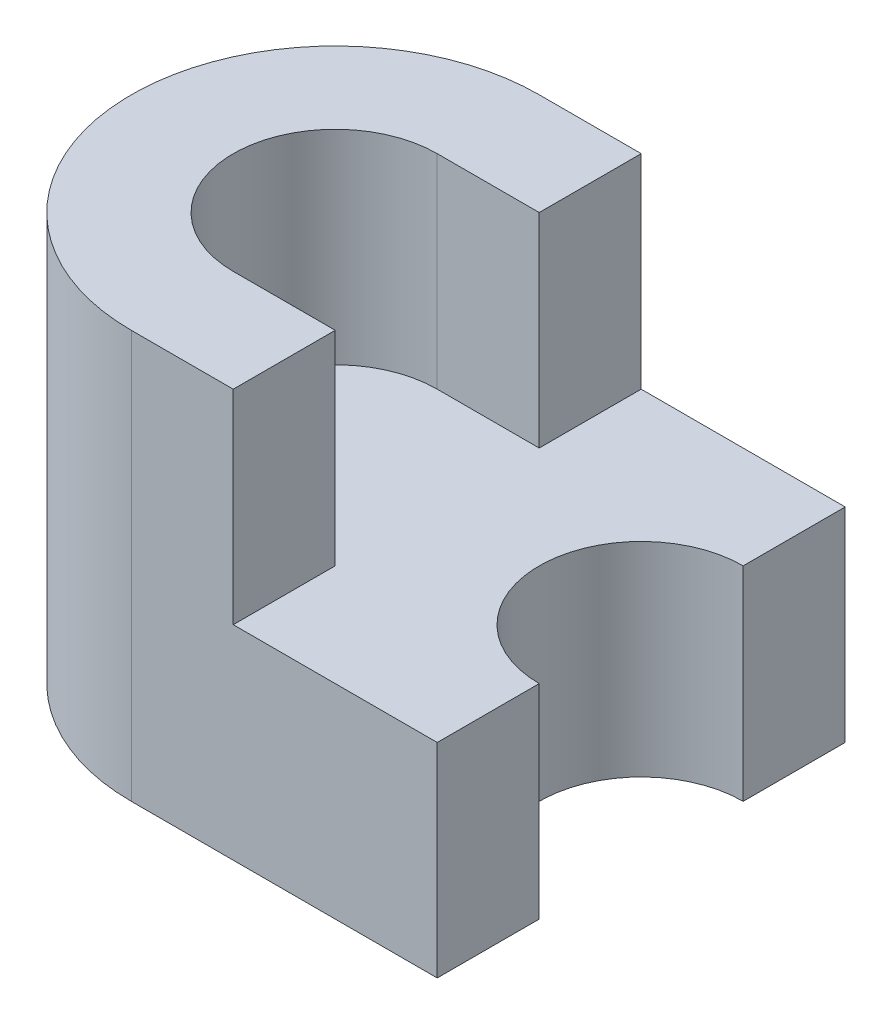
SolidWorks part; units mm, degrees
ref_plane "Front Plane" through (0, 0, 0) normal (0, 0, 1) x (1, 0, 0)
ref_plane "Top Plane" through (0, 0, 0) normal (0, 1, 0) x (1, 0, 0)
ref_plane "Right Plane" through (0, 0, 0) normal (1, 0, 0) x (0, 0, -1)
sketch "Sketch1" plane through (0, 0, 0) normal (0, 1, 0) x (1, 0, 0)
  line L0 (0, 20) -> (30, 20)
  line L1 (30, 20) -> (30, 10)
  line L2 (30, -20) -> (0, -20)
  line L3 (30, -10) -> (30, -20)
  arc A0 (0, 20) -> (0, -20) centre (0, 0) ccw
  arc A1 (30, 10) -> (30, -10) centre (30, 0) ccw
  dimension "D1" = 40
  dimension "D2" = 30
  dimension "D3" = 30
extrude "Boss-Extrude1" add sketch "Sketch1" along normal blind 20
sketch "Sketch2" plane through (0, 20, 0) normal (0, 1, 0) x (1, 0, 0)
  line L0 (0, 20) -> (10, 20)
  line L1 (30, 20) -> (0, 20) construction
  line L2 (10, 20) -> (10, 10)
  line L3 (0, -20) -> (30, -20) construction
  line L4 (10, -20) -> (0, -20)
  line L5 (0, 10) -> (10, 10)
  line L6 (0, -10) -> (10, -10)
  line L7 (10, -10) -> (10, -20)
  arc A0 (0, 20) -> (0, -20) centre (0, 0) ccw
  arc A1 (0, 10) -> (0, -10) centre (0, 0) ccw
  point P3 (0, 0)
  dimension "D2" = 20
  dimension "D3" = 10
extrude "Boss-Extrude2" add sketch "Sketch2" along normal blind 20 contours A1 L6 L7 L4 A0 L0 L2 L5

····················

Assignment: Copy each entry above exactly; drop the pictures.

Result of the exercise:
SolidWorks part; units mm, degrees
ref_plane "Front Plane" through (0, 0, 0) normal (0, 0, 1) x (1, 0, 0)
ref_plane "Top Plane" through (0, 0, 0) normal (0, 1, 0) x (1, 0, 0)
ref_plane "Right Plane" through (0, 0, 0) normal (1, 0, 0) x (0, 0, -1)
sketch "Sketch1" plane through (0, 0, 0) normal (0, 1, 0) x (1, 0, 0)
  line L0 (0, 20) -> (30, 20)
  line L1 (30, 20) -> (30, 10)
  line L2 (30, -20) -> (0, -20)
  line L3 (30, -10) -> (30, -20)
  arc A0 (0, 20) -> (0, -20) centre (0, 0) ccw
  arc A1 (30, 10) -> (30, -10) centre (30, 0) ccw
  dimension "D1" = 40
  dimension "D2" = 30
  dimension "D3" = 30
extrude "Boss-Extrude1" add sketch "Sketch1" along normal blind 20
sketch "Sketch2" plane through (0, 20, 0) normal (0, 1, 0) x (1, 0, 0)
  line L0 (0, 20) -> (10, 20)
  line L1 (30, 20) -> (0, 20) construction
  line L2 (10, 20) -> (10, 10)
  line L3 (0, -20) -> (30, -20) construction
  line L4 (10, -20) -> (0, -20)
  line L5 (0, 10) -> (10, 10)
  line L6 (0, -10) -> (10, -10)
  line L7 (10, -10) -> (10, -20)
  arc A0 (0, 20) -> (0, -20) centre (0, 0) ccw
  arc A1 (0, 10) -> (0, -10) centre (0, 0) ccw
  point P3 (0, 0)
  dimension "D2" = 20
  dimension "D3" = 10
extrude "Boss-Extrude2" add sketch "Sketch2" along normal blind 20 contours A1 L6 L7 L4 A0 L0 L2 L5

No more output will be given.